KVK Tech agreed to a three-year deferred prosecution agreement (DPA) that will allow the company to avoid conviction on the charges in the information if it complies with the terms of the agreement, which include implementation of a compliance program designed to prevent and detect violations of federal regulations regarding current good manufacturing processes. The DPA also requires KVK Tech to engage an independent compliance monitor to evaluate the company’s corporate compliance program to address and reduce the risk of future violations.
As part of the plea agreement and the DPA, the companies admitted that between January 2011 and October 2013, KVK Tech introduced into interstate commerce at least 62 batches of adulterated hydroxyzine tablets. The tablets were manufactured with an active pharmaceutical ingredient (API) made at a foreign facility. KVK Tech failed to notify FDA or seek FDA authorization to use that facility as a source of API for its hydroxyzine products. The companies also admitted that between Feb. 27, 2019, and April 16, 2019, KVK Tech manufactured prescription drugs while failing to exercise appropriate controls over computer and related systems as required by current good manufacturing practices regulations. Under federal law, such drugs are deemed to be adulterated.

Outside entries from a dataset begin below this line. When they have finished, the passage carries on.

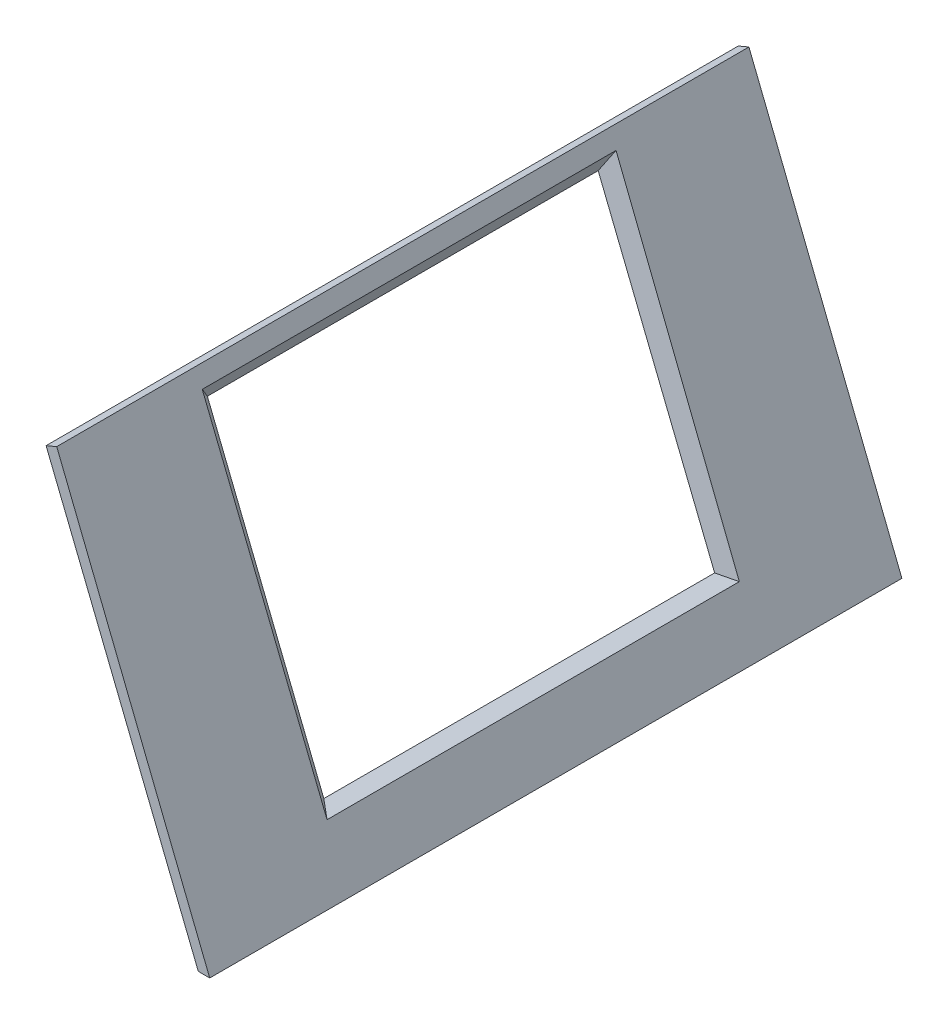
from build123d import *

# Parameters (mm, degrees)
BOSS_EXTRU_1_DEPTH      = 600
ESQUISSE2_W             = 338.746
ESQUISSE2_H             = 271
ENL_V_MAT_EXTRU_1_DEPTH = 10
ENL_V_MAT_EXTRU_1_TAPER = -45


with BuildPart() as part:
    # Esquisse1 → Boss.-Extru.1 (new body)
    with BuildSketch(Plane.XY):
        Polygon((235.606802378, 81.334991463), (103.65574387, 410.044643603), (112.874448857, 413.919624682), (245.500189591, 81.334991463), align=None)
    extrude(amount=BOSS_EXTRU_1_DEPTH)

    # Esquisse2 → Enlèv. mat.-Extru.1 (cut)
    with BuildSketch(Plane(origin=(231.028658646, 92.739826335, 0), x_dir=(0, 0, 1), z_dir=(-0.928021166, -0.37252747, 0))):
        with Locations((300.232670333, 181.16149611)):
            Rectangle(ESQUISSE2_W, ESQUISSE2_H)
    extrude(amount=-ENL_V_MAT_EXTRU_1_DEPTH, taper=ENL_V_MAT_EXTRU_1_TAPER, mode=Mode.SUBTRACT)


solid = part.part

Additionally, KVK Tech agreed to pay $2 million to resolve its civil liability under the False Claims Act arising from the company’s failure to exercise appropriate controls as required by current good manufacturing practice regulations, which caused KVK Tech to introduce into interstate commerce drugs deemed to be adulterated. During the Feb. 27, 2019, through April 16, 2019, time period, KVK Tech sold the adulterated pharmaceuticals, which resulted in alleged false claims submitted to the TRICARE program, Federal Employees Health Benefits Program (FEHBP), Veterans Administration (VA) and Department of Labor, Office of Workers Compensation Programs (DOL-OWCP), in violation of the False Claims Act. FDA’s Office of Criminal Investigations investigated the case.Assistant Director Ross S. Goldstein and Trial Attorney Alisha Crovetto of the Civil Division’s Consumer Protection Branch and Assistant U.S. Attorneys M. Beth Leahy and Patrick Murray for the Eastern District of Pennsylvania are prosecuting the case. Deputy Chief Charlene Keller Fullmer, Assistant U.S. Attorney Anthony D. Scicchitano and Auditor Dawn Wiggins for the Eastern District of Pennsylvania handled the civil case.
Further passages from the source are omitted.